The results of these ablations are shown in the table below:
System | Query EM | F1 score |
---|---|---|
Full model (k = 0 ) | 0.02789 | 0.19305 |
Variant 1 (k = 0 ) | 0.00000 | 0.11779 |
Variant 2 (k = 3 ) | 0.00643 | 0.13350 |
Variant 3 (ablating the database schema) | 0.00643 | 0.14559 |
Variant 4 (ablating the instruction sentence) | 0.02361 | 0.17792 |
Variant 5 (ablating the formatting markers) | 0.00643 | 0.14702 |
For ICL, I also visualized the Record F1 on the development set that the model achieved with different values of k
.
T5 Model
The tables below shows the results of the fine-tuned T5 model and the T5 model trained from scratch:
Fine-tuned T5 model:
System | Query EM | F1 score |
---|---|---|
Full model | 0.01716 | 0.62742 |
Variant 1 (unfreeze the last layer) | 0.01502 | 0.54246 |
T5 model trained from scratch:
System | Query EM | F1 score |
---|---|---|
Full model | 0.02360 | 0.57552 |
Variant 1 (training for 20 epochs) | 0.02145 | 0.48829 |
Results on the held-out test set
The tables below show the results of the best-performing models on the held-out test set:
System | F1 score |
---|---|
LLM with few-shot prompting (k = 3) | 0.15003 |
Fine-tuned T5 model | 0.61011 |
Trained T5 model from scratch | 0.52191 |
Qualitative Error Analysis
I have also conducted a qualitative error analysis to identify the types of errors made by the models. Here are some examples of the errors made by the models:
Un-existing Column
- Relevent Models: All models
- Example: Column
departure_airport
does not exist:SELECT * FROM flight WHERE departure_airport = 'ORD' AND arrival_airport = 'MCI' AND flight_date = '2023-06-17'
- Error Desciption: The model generates queries with columns that do not exist in the database schema.
Syntax Error
- Relevent Models: All models
- Example: One extra ")":
... WHERE flight_1.from_airport = airport_service_1.airport_code AND ... AND( flight_1.arrival_time >= 1600 ) AND( flight_1.flight_days = days_1.days_code ...
- Error Desciption: Syntax errors such as unmatched parentheses disrupt the SQL query structure, leading to execution failures.
Logic Error
- Relevent Models: All models
- Example:
Natural language text: "What flights are available tomorrow from Denver to Philadelphia?"
Generated:
SELECT f.* FROM flight f JOIN flight\_stop fs ON f.to\_airport = fs.departure\_airport JOIN city c ON fs.stop\_airport = c.city\_name WHERE f.departure\_date = DATE\_ADD(NOW(), INTERVAL 1 DAY)

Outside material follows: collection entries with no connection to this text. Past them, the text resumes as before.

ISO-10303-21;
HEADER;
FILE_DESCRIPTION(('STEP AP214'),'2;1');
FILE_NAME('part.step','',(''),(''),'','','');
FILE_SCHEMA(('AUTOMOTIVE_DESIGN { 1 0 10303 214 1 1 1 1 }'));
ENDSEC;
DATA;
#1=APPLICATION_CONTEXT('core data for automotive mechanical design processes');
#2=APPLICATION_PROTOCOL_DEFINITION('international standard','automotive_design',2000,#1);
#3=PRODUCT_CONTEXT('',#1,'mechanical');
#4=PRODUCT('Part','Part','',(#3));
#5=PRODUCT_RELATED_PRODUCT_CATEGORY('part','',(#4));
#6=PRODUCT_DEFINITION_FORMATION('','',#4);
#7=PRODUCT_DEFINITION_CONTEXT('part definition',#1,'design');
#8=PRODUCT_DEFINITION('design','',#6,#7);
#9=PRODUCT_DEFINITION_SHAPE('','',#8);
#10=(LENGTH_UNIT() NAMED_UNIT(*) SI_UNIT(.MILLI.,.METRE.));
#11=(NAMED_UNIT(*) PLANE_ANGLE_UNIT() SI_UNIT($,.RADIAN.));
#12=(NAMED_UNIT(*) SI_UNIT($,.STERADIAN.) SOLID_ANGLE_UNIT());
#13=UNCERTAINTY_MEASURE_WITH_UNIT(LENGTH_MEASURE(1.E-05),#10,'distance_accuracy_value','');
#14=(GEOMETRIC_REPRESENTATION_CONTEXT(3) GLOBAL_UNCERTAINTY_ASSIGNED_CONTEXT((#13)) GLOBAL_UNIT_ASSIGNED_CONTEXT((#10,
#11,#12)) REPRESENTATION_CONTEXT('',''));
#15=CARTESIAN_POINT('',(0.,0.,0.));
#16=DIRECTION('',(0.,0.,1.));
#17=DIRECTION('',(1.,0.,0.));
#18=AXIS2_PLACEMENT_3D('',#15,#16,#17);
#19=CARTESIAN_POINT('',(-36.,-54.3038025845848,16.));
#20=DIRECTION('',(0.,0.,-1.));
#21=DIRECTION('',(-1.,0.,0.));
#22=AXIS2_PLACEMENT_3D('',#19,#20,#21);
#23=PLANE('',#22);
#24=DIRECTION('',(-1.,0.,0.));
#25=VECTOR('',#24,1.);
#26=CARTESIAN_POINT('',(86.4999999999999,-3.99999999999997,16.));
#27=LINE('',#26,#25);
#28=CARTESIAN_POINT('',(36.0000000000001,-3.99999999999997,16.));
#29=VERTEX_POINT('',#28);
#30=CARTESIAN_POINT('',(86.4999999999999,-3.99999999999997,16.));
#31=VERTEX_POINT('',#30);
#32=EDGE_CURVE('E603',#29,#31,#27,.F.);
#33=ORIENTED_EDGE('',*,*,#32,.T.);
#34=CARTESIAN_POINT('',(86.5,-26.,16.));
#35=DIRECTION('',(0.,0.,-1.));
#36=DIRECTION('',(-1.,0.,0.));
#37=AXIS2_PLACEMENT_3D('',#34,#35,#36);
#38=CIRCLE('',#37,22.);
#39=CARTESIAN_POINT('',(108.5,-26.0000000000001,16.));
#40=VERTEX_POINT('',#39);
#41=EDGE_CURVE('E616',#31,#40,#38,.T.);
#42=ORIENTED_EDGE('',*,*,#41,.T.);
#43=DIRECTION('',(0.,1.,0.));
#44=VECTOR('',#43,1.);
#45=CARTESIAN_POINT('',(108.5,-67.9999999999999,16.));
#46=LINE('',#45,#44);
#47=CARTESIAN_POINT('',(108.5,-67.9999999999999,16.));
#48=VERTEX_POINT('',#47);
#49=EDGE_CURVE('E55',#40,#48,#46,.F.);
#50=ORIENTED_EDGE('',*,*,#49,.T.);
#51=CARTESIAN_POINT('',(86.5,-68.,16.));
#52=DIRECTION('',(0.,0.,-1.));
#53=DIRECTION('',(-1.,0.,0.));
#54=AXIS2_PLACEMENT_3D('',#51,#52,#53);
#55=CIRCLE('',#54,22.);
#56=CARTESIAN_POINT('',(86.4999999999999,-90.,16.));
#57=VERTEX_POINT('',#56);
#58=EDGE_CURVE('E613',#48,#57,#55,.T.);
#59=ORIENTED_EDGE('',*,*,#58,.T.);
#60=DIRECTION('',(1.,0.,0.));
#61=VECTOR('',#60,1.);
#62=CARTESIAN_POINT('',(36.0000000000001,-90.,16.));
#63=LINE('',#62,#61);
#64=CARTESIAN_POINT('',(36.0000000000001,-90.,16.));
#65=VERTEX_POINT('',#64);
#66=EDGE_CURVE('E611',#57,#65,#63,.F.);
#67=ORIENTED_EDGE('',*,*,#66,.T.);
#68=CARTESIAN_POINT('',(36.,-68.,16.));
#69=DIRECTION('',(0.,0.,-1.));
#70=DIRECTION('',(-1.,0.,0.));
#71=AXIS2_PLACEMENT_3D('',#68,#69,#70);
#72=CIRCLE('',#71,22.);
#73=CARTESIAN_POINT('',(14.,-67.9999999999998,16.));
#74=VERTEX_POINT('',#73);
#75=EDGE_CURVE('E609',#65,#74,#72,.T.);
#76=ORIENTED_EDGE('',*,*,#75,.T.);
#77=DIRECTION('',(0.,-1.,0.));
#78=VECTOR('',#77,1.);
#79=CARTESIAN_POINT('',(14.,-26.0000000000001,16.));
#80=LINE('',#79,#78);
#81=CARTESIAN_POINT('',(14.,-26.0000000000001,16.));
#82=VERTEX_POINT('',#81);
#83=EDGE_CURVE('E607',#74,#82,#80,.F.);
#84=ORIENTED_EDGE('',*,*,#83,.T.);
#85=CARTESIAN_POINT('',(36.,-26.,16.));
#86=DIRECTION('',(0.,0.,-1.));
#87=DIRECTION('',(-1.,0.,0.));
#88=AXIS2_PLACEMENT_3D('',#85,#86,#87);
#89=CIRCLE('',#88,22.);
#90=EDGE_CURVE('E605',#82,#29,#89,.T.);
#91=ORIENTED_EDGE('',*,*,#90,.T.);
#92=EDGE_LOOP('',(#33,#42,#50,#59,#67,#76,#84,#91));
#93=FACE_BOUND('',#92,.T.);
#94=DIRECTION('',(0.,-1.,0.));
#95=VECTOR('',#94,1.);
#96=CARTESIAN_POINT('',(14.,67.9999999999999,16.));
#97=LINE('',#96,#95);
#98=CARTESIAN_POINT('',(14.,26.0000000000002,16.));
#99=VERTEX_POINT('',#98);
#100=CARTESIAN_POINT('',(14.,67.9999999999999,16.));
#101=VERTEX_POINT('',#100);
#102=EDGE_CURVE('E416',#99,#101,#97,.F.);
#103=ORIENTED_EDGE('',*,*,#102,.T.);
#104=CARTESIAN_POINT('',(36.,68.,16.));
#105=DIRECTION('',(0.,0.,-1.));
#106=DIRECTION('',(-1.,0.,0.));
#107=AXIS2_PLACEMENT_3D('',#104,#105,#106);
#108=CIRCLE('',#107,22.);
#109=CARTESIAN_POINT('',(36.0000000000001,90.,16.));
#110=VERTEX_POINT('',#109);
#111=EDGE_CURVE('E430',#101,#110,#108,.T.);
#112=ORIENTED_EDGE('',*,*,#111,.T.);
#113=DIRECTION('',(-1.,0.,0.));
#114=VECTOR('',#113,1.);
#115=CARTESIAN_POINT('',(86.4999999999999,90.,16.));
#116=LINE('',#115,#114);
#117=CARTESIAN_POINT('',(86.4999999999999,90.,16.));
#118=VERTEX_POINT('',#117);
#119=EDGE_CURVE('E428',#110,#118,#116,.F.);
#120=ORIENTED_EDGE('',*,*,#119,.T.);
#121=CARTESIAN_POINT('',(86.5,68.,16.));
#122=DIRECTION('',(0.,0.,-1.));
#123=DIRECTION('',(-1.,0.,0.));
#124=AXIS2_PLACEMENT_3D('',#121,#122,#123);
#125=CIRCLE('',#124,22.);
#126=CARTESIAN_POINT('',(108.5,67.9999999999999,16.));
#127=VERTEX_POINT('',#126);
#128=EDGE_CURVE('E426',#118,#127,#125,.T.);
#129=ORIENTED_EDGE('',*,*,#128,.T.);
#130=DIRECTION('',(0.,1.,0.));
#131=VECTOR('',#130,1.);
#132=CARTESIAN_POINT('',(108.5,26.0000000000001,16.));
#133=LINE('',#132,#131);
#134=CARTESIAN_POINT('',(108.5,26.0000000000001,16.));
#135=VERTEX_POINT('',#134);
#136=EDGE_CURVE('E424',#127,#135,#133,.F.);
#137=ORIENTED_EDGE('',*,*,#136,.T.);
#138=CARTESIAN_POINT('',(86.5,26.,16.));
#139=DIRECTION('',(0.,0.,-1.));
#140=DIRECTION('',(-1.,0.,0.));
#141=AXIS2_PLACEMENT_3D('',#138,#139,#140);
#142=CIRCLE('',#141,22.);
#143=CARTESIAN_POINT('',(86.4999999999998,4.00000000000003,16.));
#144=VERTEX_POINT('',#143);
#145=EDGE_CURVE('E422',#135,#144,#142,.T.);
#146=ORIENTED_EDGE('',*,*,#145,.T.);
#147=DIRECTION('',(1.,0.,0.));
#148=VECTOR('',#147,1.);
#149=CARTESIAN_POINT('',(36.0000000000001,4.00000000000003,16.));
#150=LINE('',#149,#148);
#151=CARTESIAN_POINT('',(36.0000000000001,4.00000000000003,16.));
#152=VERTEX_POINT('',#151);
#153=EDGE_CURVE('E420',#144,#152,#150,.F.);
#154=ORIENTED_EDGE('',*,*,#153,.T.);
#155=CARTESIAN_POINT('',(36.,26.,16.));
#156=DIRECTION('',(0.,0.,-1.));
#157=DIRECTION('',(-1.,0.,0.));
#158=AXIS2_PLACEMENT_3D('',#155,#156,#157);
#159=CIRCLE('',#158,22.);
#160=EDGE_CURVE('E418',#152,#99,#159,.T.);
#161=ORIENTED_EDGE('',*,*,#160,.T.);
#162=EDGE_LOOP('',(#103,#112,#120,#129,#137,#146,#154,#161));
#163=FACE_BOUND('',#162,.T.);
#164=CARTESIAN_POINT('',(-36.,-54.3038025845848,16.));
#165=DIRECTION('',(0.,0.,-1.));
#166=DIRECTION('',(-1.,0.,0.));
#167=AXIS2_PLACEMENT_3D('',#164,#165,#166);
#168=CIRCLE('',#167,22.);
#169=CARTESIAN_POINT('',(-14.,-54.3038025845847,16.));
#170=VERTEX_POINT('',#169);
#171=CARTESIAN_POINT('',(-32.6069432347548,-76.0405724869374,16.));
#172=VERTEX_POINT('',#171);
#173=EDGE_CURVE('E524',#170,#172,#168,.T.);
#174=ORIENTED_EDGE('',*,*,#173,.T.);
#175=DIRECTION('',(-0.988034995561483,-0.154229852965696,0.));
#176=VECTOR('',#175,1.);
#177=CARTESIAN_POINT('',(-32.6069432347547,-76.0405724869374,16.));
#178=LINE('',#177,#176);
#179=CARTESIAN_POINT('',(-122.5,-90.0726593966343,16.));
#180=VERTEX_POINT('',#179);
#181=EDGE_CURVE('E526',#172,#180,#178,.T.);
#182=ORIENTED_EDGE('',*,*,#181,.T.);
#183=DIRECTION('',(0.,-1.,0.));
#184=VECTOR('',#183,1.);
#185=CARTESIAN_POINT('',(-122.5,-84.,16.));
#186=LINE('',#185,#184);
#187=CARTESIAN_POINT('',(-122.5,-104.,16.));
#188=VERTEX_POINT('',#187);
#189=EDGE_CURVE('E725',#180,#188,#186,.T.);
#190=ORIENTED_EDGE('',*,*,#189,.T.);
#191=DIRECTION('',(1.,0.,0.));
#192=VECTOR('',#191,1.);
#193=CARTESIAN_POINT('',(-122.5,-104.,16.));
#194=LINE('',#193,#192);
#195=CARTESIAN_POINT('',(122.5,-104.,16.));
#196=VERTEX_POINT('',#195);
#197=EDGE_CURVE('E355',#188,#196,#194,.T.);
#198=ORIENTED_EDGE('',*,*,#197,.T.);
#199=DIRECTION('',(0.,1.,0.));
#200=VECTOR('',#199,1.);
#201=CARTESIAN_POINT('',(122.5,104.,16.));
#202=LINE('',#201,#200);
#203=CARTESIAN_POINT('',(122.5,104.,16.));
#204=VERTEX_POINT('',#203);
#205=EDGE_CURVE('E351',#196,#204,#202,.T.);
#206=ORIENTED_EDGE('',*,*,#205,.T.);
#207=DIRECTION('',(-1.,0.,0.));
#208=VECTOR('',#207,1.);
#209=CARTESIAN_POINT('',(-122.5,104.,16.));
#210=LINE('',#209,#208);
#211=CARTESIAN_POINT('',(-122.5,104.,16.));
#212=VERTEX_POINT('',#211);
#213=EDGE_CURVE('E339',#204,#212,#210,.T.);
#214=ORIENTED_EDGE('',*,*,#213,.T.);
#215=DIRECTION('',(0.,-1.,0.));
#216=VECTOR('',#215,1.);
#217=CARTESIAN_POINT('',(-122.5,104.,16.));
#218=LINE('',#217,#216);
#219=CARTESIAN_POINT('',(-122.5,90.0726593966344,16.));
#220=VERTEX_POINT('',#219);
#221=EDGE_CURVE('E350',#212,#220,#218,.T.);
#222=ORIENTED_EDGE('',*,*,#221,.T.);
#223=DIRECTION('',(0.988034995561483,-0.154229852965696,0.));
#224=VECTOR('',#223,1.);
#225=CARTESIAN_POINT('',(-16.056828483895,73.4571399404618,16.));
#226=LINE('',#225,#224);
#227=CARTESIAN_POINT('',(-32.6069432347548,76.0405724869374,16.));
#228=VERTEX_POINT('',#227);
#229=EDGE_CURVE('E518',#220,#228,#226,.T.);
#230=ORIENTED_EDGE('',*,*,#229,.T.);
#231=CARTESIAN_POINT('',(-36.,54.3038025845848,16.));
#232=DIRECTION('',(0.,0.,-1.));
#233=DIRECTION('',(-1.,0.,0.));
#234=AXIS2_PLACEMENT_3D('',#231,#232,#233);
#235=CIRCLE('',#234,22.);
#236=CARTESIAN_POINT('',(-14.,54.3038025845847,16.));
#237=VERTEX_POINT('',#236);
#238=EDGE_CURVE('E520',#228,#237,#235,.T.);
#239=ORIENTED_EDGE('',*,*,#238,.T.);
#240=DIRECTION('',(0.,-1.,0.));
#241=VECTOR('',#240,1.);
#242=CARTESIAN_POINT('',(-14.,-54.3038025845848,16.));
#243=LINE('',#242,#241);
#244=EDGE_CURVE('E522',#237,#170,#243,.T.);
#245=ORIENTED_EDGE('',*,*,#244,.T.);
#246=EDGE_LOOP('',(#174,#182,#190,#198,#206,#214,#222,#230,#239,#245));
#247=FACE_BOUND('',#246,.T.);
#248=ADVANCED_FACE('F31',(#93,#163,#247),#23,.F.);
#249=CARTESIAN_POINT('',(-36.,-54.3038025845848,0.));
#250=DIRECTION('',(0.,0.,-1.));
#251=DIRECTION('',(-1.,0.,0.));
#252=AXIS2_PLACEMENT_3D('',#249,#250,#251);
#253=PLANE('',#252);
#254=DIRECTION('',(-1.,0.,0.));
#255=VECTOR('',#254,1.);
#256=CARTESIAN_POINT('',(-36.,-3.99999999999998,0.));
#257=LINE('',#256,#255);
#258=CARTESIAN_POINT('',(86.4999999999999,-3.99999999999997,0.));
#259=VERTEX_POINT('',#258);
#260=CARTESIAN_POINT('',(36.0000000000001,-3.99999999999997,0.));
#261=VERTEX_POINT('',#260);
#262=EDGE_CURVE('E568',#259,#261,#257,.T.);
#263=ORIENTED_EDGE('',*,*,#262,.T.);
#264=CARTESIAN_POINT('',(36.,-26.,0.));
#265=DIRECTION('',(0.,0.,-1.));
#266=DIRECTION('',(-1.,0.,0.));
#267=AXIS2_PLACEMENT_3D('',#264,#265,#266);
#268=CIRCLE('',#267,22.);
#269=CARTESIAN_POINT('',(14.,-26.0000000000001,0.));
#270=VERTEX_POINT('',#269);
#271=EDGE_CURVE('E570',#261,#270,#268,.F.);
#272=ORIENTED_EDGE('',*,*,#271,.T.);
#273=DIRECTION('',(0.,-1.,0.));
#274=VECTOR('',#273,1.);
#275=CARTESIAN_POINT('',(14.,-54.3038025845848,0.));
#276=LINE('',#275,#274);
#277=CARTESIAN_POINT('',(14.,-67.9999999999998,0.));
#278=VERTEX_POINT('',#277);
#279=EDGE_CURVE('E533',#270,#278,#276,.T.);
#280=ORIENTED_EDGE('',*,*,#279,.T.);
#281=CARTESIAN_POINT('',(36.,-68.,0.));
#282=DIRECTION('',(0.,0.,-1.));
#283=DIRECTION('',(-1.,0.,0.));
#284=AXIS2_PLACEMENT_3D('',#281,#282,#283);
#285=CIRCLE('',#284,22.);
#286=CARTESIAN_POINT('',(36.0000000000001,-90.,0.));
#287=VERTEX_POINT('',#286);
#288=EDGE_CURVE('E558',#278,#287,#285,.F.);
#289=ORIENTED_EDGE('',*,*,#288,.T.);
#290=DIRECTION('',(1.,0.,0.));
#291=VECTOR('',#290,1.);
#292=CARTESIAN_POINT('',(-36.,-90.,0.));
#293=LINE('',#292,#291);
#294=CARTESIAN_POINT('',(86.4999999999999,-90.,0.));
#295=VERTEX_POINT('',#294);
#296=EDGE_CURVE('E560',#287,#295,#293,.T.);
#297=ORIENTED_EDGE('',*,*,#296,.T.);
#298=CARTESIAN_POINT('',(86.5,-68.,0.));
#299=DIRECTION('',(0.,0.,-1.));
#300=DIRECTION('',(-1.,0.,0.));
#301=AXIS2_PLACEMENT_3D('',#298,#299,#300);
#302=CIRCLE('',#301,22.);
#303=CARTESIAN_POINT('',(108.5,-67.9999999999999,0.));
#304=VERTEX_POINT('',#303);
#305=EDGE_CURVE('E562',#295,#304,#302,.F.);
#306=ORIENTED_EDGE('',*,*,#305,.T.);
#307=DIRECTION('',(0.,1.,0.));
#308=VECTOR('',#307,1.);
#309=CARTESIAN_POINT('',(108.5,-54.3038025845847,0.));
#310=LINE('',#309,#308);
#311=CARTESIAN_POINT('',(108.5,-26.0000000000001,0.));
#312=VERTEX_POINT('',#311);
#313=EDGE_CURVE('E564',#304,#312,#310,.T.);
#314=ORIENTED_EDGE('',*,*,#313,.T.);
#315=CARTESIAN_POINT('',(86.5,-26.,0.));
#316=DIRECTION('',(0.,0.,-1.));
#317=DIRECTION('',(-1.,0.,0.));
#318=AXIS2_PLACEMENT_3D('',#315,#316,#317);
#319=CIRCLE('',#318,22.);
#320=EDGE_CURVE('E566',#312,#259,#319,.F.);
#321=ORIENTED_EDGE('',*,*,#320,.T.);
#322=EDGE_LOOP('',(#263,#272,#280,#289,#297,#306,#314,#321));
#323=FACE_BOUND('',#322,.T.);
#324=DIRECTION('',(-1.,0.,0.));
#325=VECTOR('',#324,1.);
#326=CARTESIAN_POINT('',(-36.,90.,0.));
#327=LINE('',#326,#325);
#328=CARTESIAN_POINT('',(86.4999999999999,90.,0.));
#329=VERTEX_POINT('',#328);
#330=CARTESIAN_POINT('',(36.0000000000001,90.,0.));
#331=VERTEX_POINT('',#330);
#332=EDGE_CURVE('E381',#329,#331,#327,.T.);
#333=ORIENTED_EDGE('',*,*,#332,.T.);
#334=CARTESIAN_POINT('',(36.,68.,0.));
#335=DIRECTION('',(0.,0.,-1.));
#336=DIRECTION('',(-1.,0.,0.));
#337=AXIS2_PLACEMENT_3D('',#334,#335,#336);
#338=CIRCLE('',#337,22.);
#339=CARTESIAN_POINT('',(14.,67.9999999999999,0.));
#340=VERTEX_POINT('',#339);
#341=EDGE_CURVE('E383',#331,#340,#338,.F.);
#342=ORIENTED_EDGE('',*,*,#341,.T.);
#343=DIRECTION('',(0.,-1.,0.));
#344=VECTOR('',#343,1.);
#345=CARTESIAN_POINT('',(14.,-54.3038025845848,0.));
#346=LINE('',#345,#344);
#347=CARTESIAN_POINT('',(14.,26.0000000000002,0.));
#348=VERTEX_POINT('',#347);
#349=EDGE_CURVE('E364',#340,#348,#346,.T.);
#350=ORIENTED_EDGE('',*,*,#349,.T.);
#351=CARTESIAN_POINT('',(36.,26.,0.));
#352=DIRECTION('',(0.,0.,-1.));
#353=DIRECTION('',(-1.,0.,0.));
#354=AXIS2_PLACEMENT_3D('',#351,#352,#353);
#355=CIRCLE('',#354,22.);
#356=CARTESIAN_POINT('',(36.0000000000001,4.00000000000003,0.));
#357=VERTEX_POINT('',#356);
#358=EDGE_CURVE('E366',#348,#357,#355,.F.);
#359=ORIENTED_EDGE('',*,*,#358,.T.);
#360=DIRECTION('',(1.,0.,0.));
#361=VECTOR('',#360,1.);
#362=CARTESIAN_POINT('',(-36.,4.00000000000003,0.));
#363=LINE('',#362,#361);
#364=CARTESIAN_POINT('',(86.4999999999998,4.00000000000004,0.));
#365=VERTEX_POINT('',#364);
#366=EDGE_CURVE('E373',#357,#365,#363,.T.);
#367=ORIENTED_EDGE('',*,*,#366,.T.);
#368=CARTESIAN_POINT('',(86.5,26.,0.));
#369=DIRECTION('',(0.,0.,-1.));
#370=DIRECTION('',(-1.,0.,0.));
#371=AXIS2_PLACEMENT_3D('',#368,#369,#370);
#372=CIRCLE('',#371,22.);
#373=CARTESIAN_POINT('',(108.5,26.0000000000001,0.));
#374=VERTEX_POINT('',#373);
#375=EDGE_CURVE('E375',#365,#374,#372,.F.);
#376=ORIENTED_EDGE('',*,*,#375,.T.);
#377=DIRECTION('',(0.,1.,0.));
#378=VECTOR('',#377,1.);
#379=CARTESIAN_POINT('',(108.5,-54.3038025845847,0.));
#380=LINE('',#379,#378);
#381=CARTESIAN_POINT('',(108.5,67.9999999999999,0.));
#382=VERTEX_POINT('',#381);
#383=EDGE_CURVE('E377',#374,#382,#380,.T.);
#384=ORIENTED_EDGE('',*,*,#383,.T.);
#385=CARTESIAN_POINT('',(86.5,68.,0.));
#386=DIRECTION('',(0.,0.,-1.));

- Error Desciption: The model fails to correctly interpret the logic of the query, such as mismatching join conditions or incorrect fields in
SELECT
clause.
Conclusion
In this project, I have explored three different approaches to the task of translating natural language instructions into SQL queries. I have experimented with fine-tuning a pre-trained encoder-decoder transformer model (T5), training a model with the same architecture from scratch, and using diverse prompt engineering techniques with a large language model (LLM). The results show that the fine-tuned T5 model achieved the best performance in terms of F1 score, while the LLM with few-shot prompting also showed promising results. The qualitative error analysis revealed that the models struggled with errors such as generating queries with non-existent columns, syntax errors, and logic errors. Future work could focus on improving the models' ability to handle these types of errors, as well as exploring more sophisticated prompt engineering techniques to guide the models towards generating more accurate SQL queries.